Additional Risk Factors for Udder Infections Caused by S. aureus in Dairy Cows That Have Not Been Addressed in Studies on MRSA

Some studies have suggested that older cows are more likely to be S. aureus infected (Pyörälä and Pyörälä, 1998; Barkema et al., 2006). Moreover, a study found higher rates of phenotypic penicillin resistance in animals from the third and following lactations, than in animals from the first and second lactation (Sol et al., 2000). In addition, a larger mammary gland size was shown to be predisposing for S. aureus infections and hind quarters were more frequently affected (Deluyker et al., 2005). Furthermore, it has been known that purchasing infected replacement heifers and people that have visited many farms per day (e.g., veterinarians, artificial insemination technicians, and cattle traders) might introduce new S. aureus strains into dairy herds (Middleton et al., 2002). Moreover, some studies have found multiple different S. aureus strains within dairy herds, suggesting that in some cases S. aureus might be regarded as a sporadic environmental pathogen (Sommerhäuser et al., 2003; Zadoks et al., 2011). S. aureus has been detected in environmental samples, such as, flies, bedding materials, and feedstuff (Roberson et al., 1998; Capurro et al., 2010; Zadoks et al., 2011). Further studies are needed to confirm these findings for MRSA in dairy farms.

Conclusion

The risk factors for the transmission of MRSA into dairy herds are direct or indirect contact with pigs and humans carrying MRSA. Within dairy herds, MR-CoNS may transfer resistance genes to MSSA. Moreover, improper milking hygiene procedures enhance the spread of MRSA within herds as is well known for MSSA. There is some evidence that conventional dairy farms and farms with a larger herd size are more often affected by MRSA. The association of antimicrobial exposure and MRSA prevalence in dairy herds needs to be further investigated.
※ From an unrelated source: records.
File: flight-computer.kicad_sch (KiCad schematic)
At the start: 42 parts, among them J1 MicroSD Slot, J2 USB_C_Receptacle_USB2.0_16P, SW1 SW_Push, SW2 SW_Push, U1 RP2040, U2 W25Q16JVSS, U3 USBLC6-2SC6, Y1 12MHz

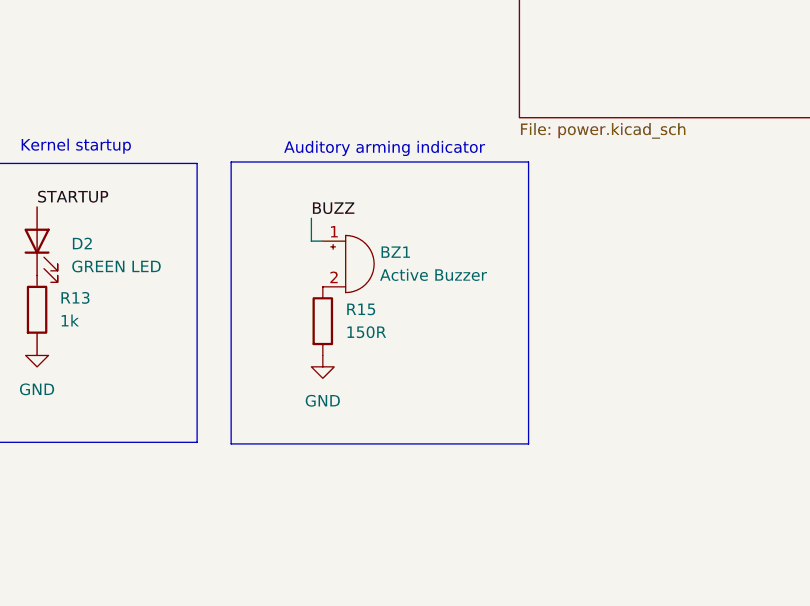
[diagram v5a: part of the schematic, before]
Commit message: Updated PCB so components are now on there.
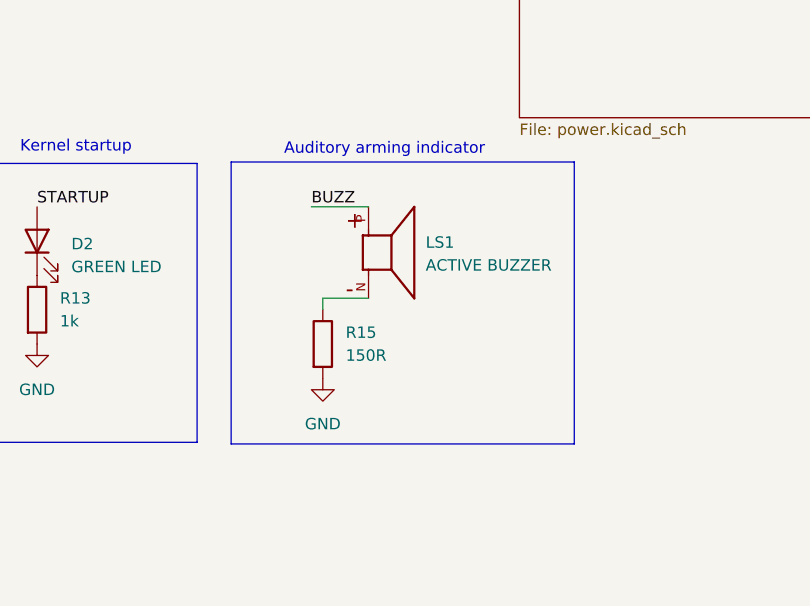
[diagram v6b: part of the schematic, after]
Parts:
- removed BZ1: Active Buzzer, buzzer:XDCR_AI-1223-TWT-3V-2-R, symbol Device:Buzzer
- added LS1: ACTIVE BUZZER, buzzer:XDCR_AI-1223-TWT-3V-2-R, symbol AI-1223-TWT-3V-2-R:AI-1223-TWT-3V-2-R
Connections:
- net BUZZ: now also LS1.P
- net at R15.1: now also LS1.N
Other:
- moved on the sheet: R15
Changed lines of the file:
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@@
 	(wire
 		(pts
+			(xy 322.58 234.95) (xy 317.5 234.95)
+		)
+		(stroke
+			(width 0)
+			(type default)
+		)
+	)
+	(wire
+		(pts
 			(xy 39.37 143.51) (xy 50.8 143.51)
 		)
@@
 	(wire
 		(pts
-			(xy 316.23 226.06) (xy 316.23 228.6)
-		)
-		(stroke
-			(width 0)
-			(type default)
-		)
-	)
-	(wire
-		(pts
 			(xy 72.39 125.73) (xy 60.96 125.73)
 		)
@@
 	(wire
 		(pts
+			(xy 317.5 234.95) (xy 317.5 236.22)
+		)
+		(stroke
+			(width 0)
+			(type default)
+		)
+	)
+	(wire
+		(pts
 			(xy 278.13 68.58) (xy 266.7 68.58)
 		)
@@
 	(wire
 		(pts
-			(xy 316.23 228.6) (xy 317.5 228.6)
+			(xy 316.23 224.79) (xy 322.58 224.79)
 		)
 		(stroke
@@
 	(rectangle
 		(start 307.3134 219.8042)
-		(end 340.36 251.1317)
+		(end 345.44 251.1317)
 		(stroke
 			(width 0)
@@
 	)
 	(label "BUZZ"
-		(at 316.23 226.06 0)
+		(at 316.23 224.79 0)
 		(fields_autoplaced yes)
 		(effects
@@
 	(symbol
 		(lib_id "power:GND")
-		(at 317.5 241.3 0)
+		(at 317.5 243.84 0)
 		(unit 1)
 		(exclude_from_sim no)
@@
 		(fields_autoplaced yes)
 		(property "Reference" "#PWR037"
-			(at 317.5 247.65 0)
+			(at 317.5 250.19 0)
 			(effects
 				(font
@@
 		)
 		(property "Value" "GND"
-			(at 317.5 246.38 0)
+			(at 317.5 248.92 0)
 			(effects
 				(font
@@
 		)
 		(property "Footprint" ""
-			(at 317.5 241.3 0)
+			(at 317.5 243.84 0)
 			(effects
 				(font
@@
 		)
 		(property "Datasheet" ""
-			(at 317.5 241.3 0)
+			(at 317.5 243.84 0)
 			(effects
 				(font
@@
 		)
 		(property "Description" "Power symbol creates a global label with name \"GND\" , ground"
-			(at 317.5 241.3 0)
+			(at 317.5 243.84 0)
 			(effects
 				(font
@@
 	)
 	(symbol
-		(lib_id "Device:Buzzer")
-		(at 320.04 231.14 0)
+		(lib_id "AI-1223-TWT-3V-2-R:AI-1223-TWT-3V-2-R")
+		(at 325.12 229.87 0)
 		(unit 1)
 		(exclude_from_sim no)
@@
 		(dnp no)
 		(fields_autoplaced yes)
-		(property "Reference" "BZ1"
-			(at 323.85 229.8699 0)
+		(property "Reference" "LS1"
+			(at 328.93 228.7442 0)
 			(effects
 				(font
@@
 			)
 		)
-		(property "Value" "Active Buzzer"
-			(at 323.85 232.4099 0)
+		(property "Value" "ACTIVE BUZZER"
+			(at 328.93 231.2842 0)
 			(effects
 				(font
@@
 		)
 		(property "Footprint" "buzzer:XDCR_AI-1223-TWT-3V-2-R"
-			(at 319.405 228.6 90)
+			(at 325.12 229.87 0)
 			(effects
 				(font
 					(size 1.27 1.27)
 				)
+				(justify bottom)
 				(hide yes)
 			)
 		)
-		(property "Datasheet" "~"
-			(at 319.405 228.6 90)
+		(property "Datasheet" ""
+			(at 325.12 229.87 0)
 			(effects
 				(font
@@
 			)
 		)
-		(property "Description" "Buzzer, polarized"
-			(at 320.04 231.14 0)
+		(property "Description" ""
+			(at 325.12 229.87 0)
 			(effects
 				(font
@@
 			)
 		)
-		(pin "1"
+		(property "PARTREV" "3/18/2020"
+			(at 325.12 229.87 0)
+			(effects
+				(font
+					(size 1.27 1.27)
+				)
+				(justify bottom)
+				(hide yes)
+			)
 		)
-		(pin "2"
+		(property "STANDARD" "Manufacturer Recommendations"
+			(at 325.12 229.87 0)
+			(effects
+				(font
+					(size 1.27 1.27)
+				)
+				(justify bottom)
+				(hide yes)
+			)
+		)
+		(property "MAXIMUM_PACKAGE_HEIGHT" "7.8 mm"
+			(at 325.12 229.87 0)
+			(effects
+				(font
+					(size 1.27 1.27)
+				)
+				(justify bottom)
+				(hide yes)
+			)
+		)
+		(property "MANUFACTURER" "PUI Audio"
+			(at 325.12 229.87 0)
+			(effects
+				(font
+					(size 1.27 1.27)
+				)
+				(justify bottom)
+				(hide yes)
+			)
+		)
+		(pin "N"
+		)
+		(pin "P"
 		)
 		(instances
 			(project ""
 				(path "/b90d3133-97a4-4747-8a68-e80f353c7b97"
-					(reference "BZ1")
+					(reference "LS1")
 					(unit 1)
 				)
@@
 	(symbol
 		(lib_id "Device:R")
-		(at 317.5 237.49 0)
+		(at 317.5 240.03 0)
 		(unit 1)
 		(exclude_from_sim no)
@@
 		(fields_autoplaced yes)
 		(property "Reference" "R15"
-			(at 320.04 236.2199 0)
+			(at 320.04 238.7599 0)
 			(effects
 				(font
@@
 		)
 		(property "Value" "150R"
-			(at 320.04 238.7599 0)
+			(at 320.04 241.2999 0)
 			(effects
 				(font
@@
 		)
 		(property "Footprint" "Resistor_SMD:R_0201_0603Metric"
-			(at 315.722 237.49 90)
+			(at 315.722 240.03 90)
 			(effects
 				(font
@@
 		)
 		(property "Datasheet" "~"
-			(at 317.5 237.49 0)
+			(at 317.5 240.03 0)
 			(effects
 				(font
@@
 		)
 		(property "Description" "Resistor"
-			(at 317.5 237.49 0)
+			(at 317.5 240.03 0)
 			(effects
 				(font

High amounts of β-lactam antibiotics have been used for dry cow treatment and mastitis therapy on dairy farms. Nevertheless, MRSA prevalence is low in dairy cows. Furthermore, it is not known whether additional risk factors for S. aureus transmission in dairy herds differ from those of MRSA. According to our findings, a higher somatic cell count in milk is probably not a reliable indicator for the occurrence of MRSA in dairy herds.

The risk of foodborne zoonotic MRSA infections through consumption of milk seems to be low. Milk is usually heat treated before marketing and consumption and MRSA prevalence is low in milk from dairy cows. However, MRSA prevalence should be carefully monitored, since some studies suggest increasing levels of resistance.

In veterinary medicine, MRSA emerge as mastitis pathogens in dairy cows and spread within herds. Dry cow treatment with β-lactam antibiotics, as an important part of S. aureus control programs, is probably ineffective in curing MRSA infections. Therefore, segregation and culling of infected cows often remains the only option for removing MRSA from dairy herds. In conclusion, we stress the need for a continuous MRSA monitoring in dairy herds and the development of MRSA prevention strategies.